### TASK PROMPT
The records that follow are to be given again exactly. Do not carry over any image.

### DATA TO USE
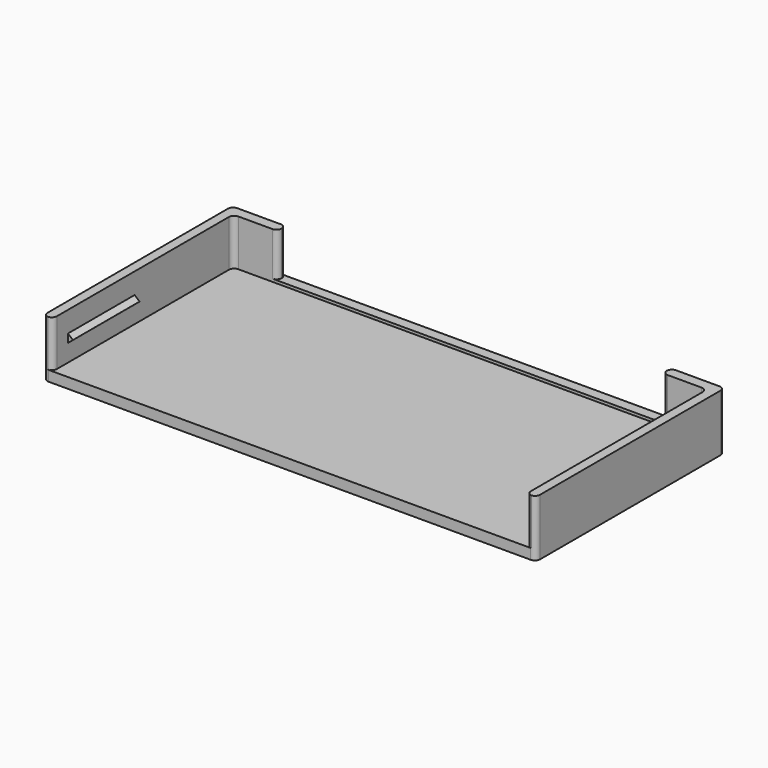
from build123d import *

# Parameters (mm, degrees)
F1_DEPTH     = 3
F0_W         = 2.7
F0_H         = 65
F2_DEPTH     = 16.4
F0_W_2       = 111
F0_H_2       = 3
F3_DEPTH     = 3.8
F4_W         = 24
F4_H         = 2.4
F5_DEPTH     = 1.5
F6_W         = 24
F6_H         = 2.4
F7_DEPTH     = 1.5
F8_T1_DEPTH  = 31.73221831
F8_T6_DEPTH  = 31.73221831
F8_T11_DEPTH = 31.73221831
F8_T16_DEPTH = 31.73221831
F9_F1_R      = 1.5
F9_F2_R      = 1.5
F9_F3_R      = 1.4999
F9_F4_R      = 1.4999
F9_F5_R      = 1.5
F9_F6_R      = 1.5
F9_F7_R      = 1.5
F9_F8_R      = 1.5
F9_F9_R      = 1.5
F9_F10_R     = 1.5
F9_F11_R     = 1.5
F9_F12_R     = 1.5


# Not quite as in the source:
# - a fillet or chamfer that OpenCascade refuses, or shapes differently, is made with other operations: its cross-section is extruded or revolved along the edge and cut away or added
# - a fillet or chamfer is up to 0.001 mm smaller than in the source, because OpenCascade refuses the exact size


with BuildPart() as f1:
    # F0 (on Top) → F1 (new body)
    with BuildSketch(Plane.XY):
        Polygon((-68.3, -32.5), (68.3, -32.5), (68.3, 32.5), (55.5, 32.5), (-55.5, 32.5), (-68.3, 32.5), align=None)
    extrude(amount=F1_DEPTH)

    # F0 (on Top) → F2 (join)
    with BuildSketch(Plane.XY):
        Polygon((-71, 32.5), (-68.3, 32.5), (-55.5, 32.5), (-55.5, 35.5), (-71, 35.5), align=None)
        with Locations((-69.65, 0)):
            Rectangle(F0_W, F0_H)
        Polygon((68.3, 32.5), (71, 32.5), (71, 35.5), (55.5, 35.5), (55.5, 32.5), align=None)
        with Locations((69.65, 0)):
            Rectangle(F0_W, F0_H)
    extrude(amount=F2_DEPTH)

    # F0 (on Top) → F3 (join)
    with BuildSketch(Plane.XY):
        with Locations((0, 34)):
            Rectangle(F0_W_2, F0_H_2)
    extrude(amount=F3_DEPTH)

    # F4 (on face) → F5 (join)
    with BuildSketch(Plane.YZ.offset(-68.3)):
        with Locations((-15, 9.2)):
            Rectangle(F4_W, F4_H)
    extrude(amount=F5_DEPTH)

    # F6 (on face) → F7 (join)
    with BuildSketch(Plane(origin=(68.3, 0, 0), x_dir=(0, -1, 0), z_dir=(-1, 0, 0))):
        with Locations((15, 9.2)):
            Rectangle(F6_W, F6_H)
    extrude(amount=F7_DEPTH)

    # F8: chamfer of 1.5 x 1.2586494468 on 4 edges, made by hand

    # F8_s2 → F8_t1 (cut)
    with BuildSketch(Plane.XZ.offset(-0.866109155)):
        Polygon((68.0586494468, 8), (66.8, 9.5), (66.8, 8), align=None)
    extrude(amount=F8_T1_DEPTH, mode=Mode.SUBTRACT)


with BuildPart() as f8_tool4:
    # F8_s5 → F8_t6 (new body)
    with BuildSketch(Plane.XZ.offset(-0.866109155)):
        Polygon((-68.3, 10.4), (-66.8, 9.1413505532), (-66.8, 10.4), align=None)
    extrude(amount=F8_T6_DEPTH)

    split(bisect_by=Plane.YZ.offset(-68.3), keep=Keep.TOP)


with BuildPart() as f1_1:
    add(f1.part)

    # F8_t3: cut F8_tool4
    add(f8_tool4.part, mode=Mode.SUBTRACT)


with BuildPart() as f8_tool9:
    # F8_s10 → F8_t11 (new body)
    with BuildSketch(Plane.XZ.offset(30.866109155)):
        Polygon((68.3, 10.4), (66.8, 9.1413505532), (66.8, 10.4), align=None)
    extrude(amount=-F8_T11_DEPTH)

    split(bisect_by=Plane.YZ.offset(68.3), keep=Keep.BOTTOM)


with BuildPart() as f1_2:
    add(f1_1.part)

    # F8_t8: cut F8_tool9
    add(f8_tool9.part, mode=Mode.SUBTRACT)


with BuildPart() as f8_tool14:
    # F8_s15 → F8_t16 (new body)
    with BuildSketch(Plane.XZ.offset(30.866109155)):
        Polygon((-68.3, 8), (-66.8, 9.2586494468), (-66.8, 8), align=None)
    extrude(amount=-F8_T16_DEPTH)

    split(bisect_by=Plane.YZ.offset(-68.3), keep=Keep.TOP)


with BuildPart() as f1_3:
    add(f1_2.part)

    # F8_t13: cut F8_tool14
    add(f8_tool14.part, mode=Mode.SUBTRACT)

    # F9: fillet of radius 1.5 on 12 edges, made by hand

    # F9_f1
    f9_f1_edges = [f1_3.edges().sort_by_distance(p)[0] for p in [
        (55.5, 35.5, 10.1),
    ]]
    fillet(f9_f1_edges, radius=F9_F1_R)

    # F9_f2
    f9_f2_edges = [f1_3.edges().sort_by_distance(p)[0] for p in [
        (-55.5, 35.5, 10.1),
    ]]
    fillet(f9_f2_edges, radius=F9_F2_R)

    # F9_f3 (radius 1.5 in the source; OpenCascade refuses exactly that, so slightly less here)
    f9_f3_edges = [f1_3.edges().sort_by_distance(p)[0] for p in [
        (-55.5, 32.5, 10.1),
    ]]
    fillet(f9_f3_edges, radius=F9_F3_R)

    # F9_f4 (radius 1.5 in the source; OpenCascade refuses exactly that, so slightly less here)
    f9_f4_edges = [f1_3.edges().sort_by_distance(p)[0] for p in [
        (55.5, 32.5, 10.1),
    ]]
    fillet(f9_f4_edges, radius=F9_F4_R)

    # F9_f5
    f9_f5_edges = [f1_3.edges().sort_by_distance(p)[0] for p in [
        (-68.3, -32.5, 9.7),
    ]]
    fillet(f9_f5_edges, radius=F9_F5_R)

    # F9_f6
    f9_f6_edges = [f1_3.edges().sort_by_distance(p)[0] for p in [
        (68.3, -32.5, 9.7),
    ]]
    fillet(f9_f6_edges, radius=F9_F6_R)

    # F9_f7
    f9_f7_edges = [f1_3.edges().sort_by_distance(p)[0] for p in [
        (-68.3, 32.5, 9.7),
    ]]
    fillet(f9_f7_edges, radius=F9_F7_R)

    # F9_f8
    f9_f8_edges = [f1_3.edges().sort_by_distance(p)[0] for p in [
        (68.3, 32.5, 9.7),
    ]]
    fillet(f9_f8_edges, radius=F9_F8_R)

    # F9_f9
    f9_f9_edges = [f1_3.edges().sort_by_distance(p)[0] for p in [
        (-71, -32.5, 8.2),
    ]]
    fillet(f9_f9_edges, radius=F9_F9_R)

    # F9_f10
    f9_f10_edges = [f1_3.edges().sort_by_distance(p)[0] for p in [
        (71, -32.5, 8.2),
    ]]
    fillet(f9_f10_edges, radius=F9_F10_R)

    # F9_f11
    f9_f11_edges = [f1_3.edges().sort_by_distance(p)[0] for p in [
        (-71, 35.5, 8.2),
    ]]
    fillet(f9_f11_edges, radius=F9_F11_R)

    # F9_f12
    f9_f12_edges = [f1_3.edges().sort_by_distance(p)[0] for p in [
        (71, 35.5, 8.2),
    ]]
    fillet(f9_f12_edges, radius=F9_F12_R)


solid = f1_3.part

### ANSWER FOR THE TASK
from build123d import *

# Parameters (mm, degrees)
F1_DEPTH     = 3
F0_W         = 2.7
F0_H         = 65
F2_DEPTH     = 16.4
F0_W_2       = 111
F0_H_2       = 3
F3_DEPTH     = 3.8
F4_W         = 24
F4_H         = 2.4
F5_DEPTH     = 1.5
F6_W         = 24
F6_H         = 2.4
F7_DEPTH     = 1.5
F8_T1_DEPTH  = 31.73221831
F8_T6_DEPTH  = 31.73221831
F8_T11_DEPTH = 31.73221831
F8_T16_DEPTH = 31.73221831
F9_F1_R      = 1.5
F9_F2_R      = 1.5
F9_F3_R      = 1.4999
F9_F4_R      = 1.4999
F9_F5_R      = 1.5
F9_F6_R      = 1.5
F9_F7_R      = 1.5
F9_F8_R      = 1.5
F9_F9_R      = 1.5
F9_F10_R     = 1.5
F9_F11_R     = 1.5
F9_F12_R     = 1.5


# Not quite as in the source:
# - a fillet or chamfer that OpenCascade refuses, or shapes differently, is made with other operations: its cross-section is extruded or revolved along the edge and cut away or added
# - a fillet or chamfer is up to 0.001 mm smaller than in the source, because OpenCascade refuses the exact size


with BuildPart() as f1:
    # F0 (on Top) → F1 (new body)
    with BuildSketch(Plane.XY):
        Polygon((-68.3, -32.5), (68.3, -32.5), (68.3, 32.5), (55.5, 32.5), (-55.5, 32.5), (-68.3, 32.5), align=None)
    extrude(amount=F1_DEPTH)

    # F0 (on Top) → F2 (join)
    with BuildSketch(Plane.XY):
        Polygon((-71, 32.5), (-68.3, 32.5), (-55.5, 32.5), (-55.5, 35.5), (-71, 35.5), align=None)
        with Locations((-69.65, 0)):
            Rectangle(F0_W, F0_H)
        Polygon((68.3, 32.5), (71, 32.5), (71, 35.5), (55.5, 35.5), (55.5, 32.5), align=None)
        with Locations((69.65, 0)):
            Rectangle(F0_W, F0_H)
    extrude(amount=F2_DEPTH)

    # F0 (on Top) → F3 (join)
    with BuildSketch(Plane.XY):
        with Locations((0, 34)):
            Rectangle(F0_W_2, F0_H_2)
    extrude(amount=F3_DEPTH)

    # F4 (on face) → F5 (join)
    with BuildSketch(Plane.YZ.offset(-68.3)):
        with Locations((-15, 9.2)):
            Rectangle(F4_W, F4_H)
    extrude(amount=F5_DEPTH)

    # F6 (on face) → F7 (join)
    with BuildSketch(Plane(origin=(68.3, 0, 0), x_dir=(0, -1, 0), z_dir=(-1, 0, 0))):
        with Locations((15, 9.2)):
            Rectangle(F6_W, F6_H)
    extrude(amount=F7_DEPTH)

    # F8: chamfer of 1.5 x 1.2586494468 on 4 edges, made by hand

    # F8_s2 → F8_t1 (cut)
    with BuildSketch(Plane.XZ.offset(-0.866109155)):
        Polygon((68.0586494468, 8), (66.8, 9.5), (66.8, 8), align=None)
    extrude(amount=F8_T1_DEPTH, mode=Mode.SUBTRACT)


with BuildPart() as f8_tool4:
    # F8_s5 → F8_t6 (new body)
    with BuildSketch(Plane.XZ.offset(-0.866109155)):
        Polygon((-68.3, 10.4), (-66.8, 9.1413505532), (-66.8, 10.4), align=None)
    extrude(amount=F8_T6_DEPTH)

    split(bisect_by=Plane.YZ.offset(-68.3), keep=Keep.TOP)


with BuildPart() as f1_1:
    add(f1.part)

    # F8_t3: cut F8_tool4
    add(f8_tool4.part, mode=Mode.SUBTRACT)


with BuildPart() as f8_tool9:
    # F8_s10 → F8_t11 (new body)
    with BuildSketch(Plane.XZ.offset(30.866109155)):
        Polygon((68.3, 10.4), (66.8, 9.1413505532), (66.8, 10.4), align=None)
    extrude(amount=-F8_T11_DEPTH)

    split(bisect_by=Plane.YZ.offset(68.3), keep=Keep.BOTTOM)


with BuildPart() as f1_2:
    add(f1_1.part)

    # F8_t8: cut F8_tool9
    add(f8_tool9.part, mode=Mode.SUBTRACT)


with BuildPart() as f8_tool14:
    # F8_s15 → F8_t16 (new body)
    with BuildSketch(Plane.XZ.offset(30.866109155)):
        Polygon((-68.3, 8), (-66.8, 9.2586494468), (-66.8, 8), align=None)
    extrude(amount=-F8_T16_DEPTH)

    split(bisect_by=Plane.YZ.offset(-68.3), keep=Keep.TOP)


with BuildPart() as f1_3:
    add(f1_2.part)

    # F8_t13: cut F8_tool14
    add(f8_tool14.part, mode=Mode.SUBTRACT)

    # F9: fillet of radius 1.5 on 12 edges, made by hand

    # F9_f1
    f9_f1_edges = [f1_3.edges().sort_by_distance(p)[0] for p in [
        (55.5, 35.5, 10.1),
    ]]
    fillet(f9_f1_edges, radius=F9_F1_R)

    # F9_f2
    f9_f2_edges = [f1_3.edges().sort_by_distance(p)[0] for p in [
        (-55.5, 35.5, 10.1),
    ]]
    fillet(f9_f2_edges, radius=F9_F2_R)

    # F9_f3 (radius 1.5 in the source; OpenCascade refuses exactly that, so slightly less here)
    f9_f3_edges = [f1_3.edges().sort_by_distance(p)[0] for p in [
        (-55.5, 32.5, 10.1),
    ]]
    fillet(f9_f3_edges, radius=F9_F3_R)

    # F9_f4 (radius 1.5 in the source; OpenCascade refuses exactly that, so slightly less here)
    f9_f4_edges = [f1_3.edges().sort_by_distance(p)[0] for p in [
        (55.5, 32.5, 10.1),
    ]]
    fillet(f9_f4_edges, radius=F9_F4_R)

    # F9_f5
    f9_f5_edges = [f1_3.edges().sort_by_distance(p)[0] for p in [
        (-68.3, -32.5, 9.7),
    ]]
    fillet(f9_f5_edges, radius=F9_F5_R)

    # F9_f6
    f9_f6_edges = [f1_3.edges().sort_by_distance(p)[0] for p in [
        (68.3, -32.5, 9.7),
    ]]
    fillet(f9_f6_edges, radius=F9_F6_R)

    # F9_f7
    f9_f7_edges = [f1_3.edges().sort_by_distance(p)[0] for p in [
        (-68.3, 32.5, 9.7),
    ]]
    fillet(f9_f7_edges, radius=F9_F7_R)

    # F9_f8
    f9_f8_edges = [f1_3.edges().sort_by_distance(p)[0] for p in [
        (68.3, 32.5, 9.7),
    ]]
    fillet(f9_f8_edges, radius=F9_F8_R)

    # F9_f9
    f9_f9_edges = [f1_3.edges().sort_by_distance(p)[0] for p in [
        (-71, -32.5, 8.2),
    ]]
    fillet(f9_f9_edges, radius=F9_F9_R)

    # F9_f10
    f9_f10_edges = [f1_3.edges().sort_by_distance(p)[0] for p in [
        (71, -32.5, 8.2),
    ]]
    fillet(f9_f10_edges, radius=F9_F10_R)

    # F9_f11
    f9_f11_edges = [f1_3.edges().sort_by_distance(p)[0] for p in [
        (-71, 35.5, 8.2),
    ]]
    fillet(f9_f11_edges, radius=F9_F11_R)

    # F9_f12
    f9_f12_edges = [f1_3.edges().sort_by_distance(p)[0] for p in [
        (71, 35.5, 8.2),
    ]]
    fillet(f9_f12_edges, radius=F9_F12_R)


solid = f1_3.part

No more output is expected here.